## WHAT TO DO
Nothing but a number is needed here; count the lines of the listing that include "normal".

--- START ---

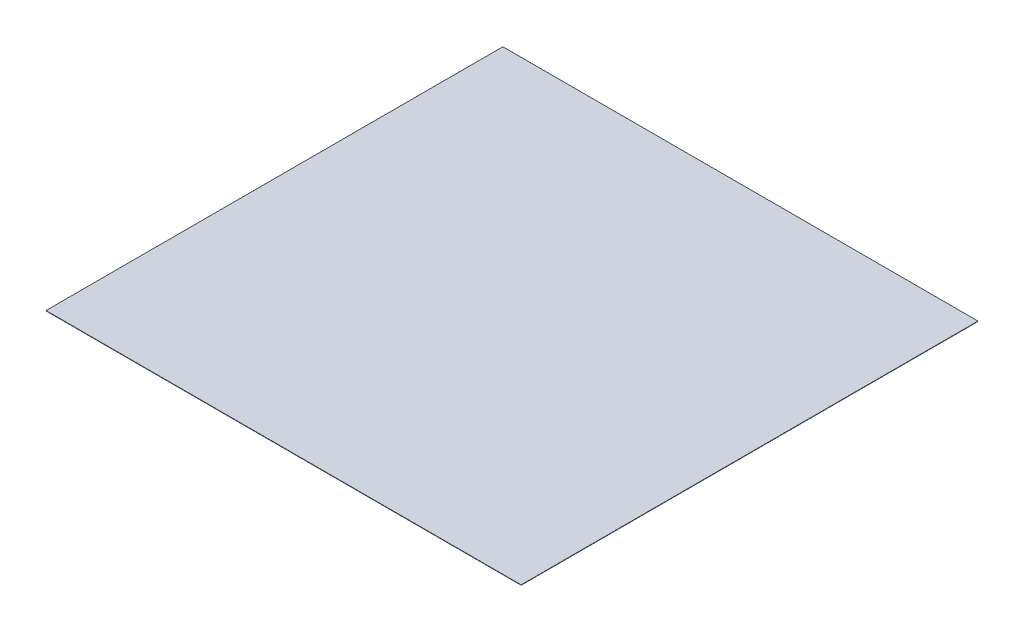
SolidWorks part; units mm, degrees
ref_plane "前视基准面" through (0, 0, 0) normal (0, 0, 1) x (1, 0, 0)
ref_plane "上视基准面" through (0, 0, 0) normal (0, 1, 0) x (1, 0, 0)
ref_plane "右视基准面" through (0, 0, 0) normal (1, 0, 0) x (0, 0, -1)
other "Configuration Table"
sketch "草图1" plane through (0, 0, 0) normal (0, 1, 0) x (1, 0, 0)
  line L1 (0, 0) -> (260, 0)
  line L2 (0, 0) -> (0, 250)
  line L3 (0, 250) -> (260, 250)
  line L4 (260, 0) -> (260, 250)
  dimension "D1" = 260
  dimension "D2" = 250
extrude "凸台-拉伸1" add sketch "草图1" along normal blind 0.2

--- END ---

## ANSWER SPACE
5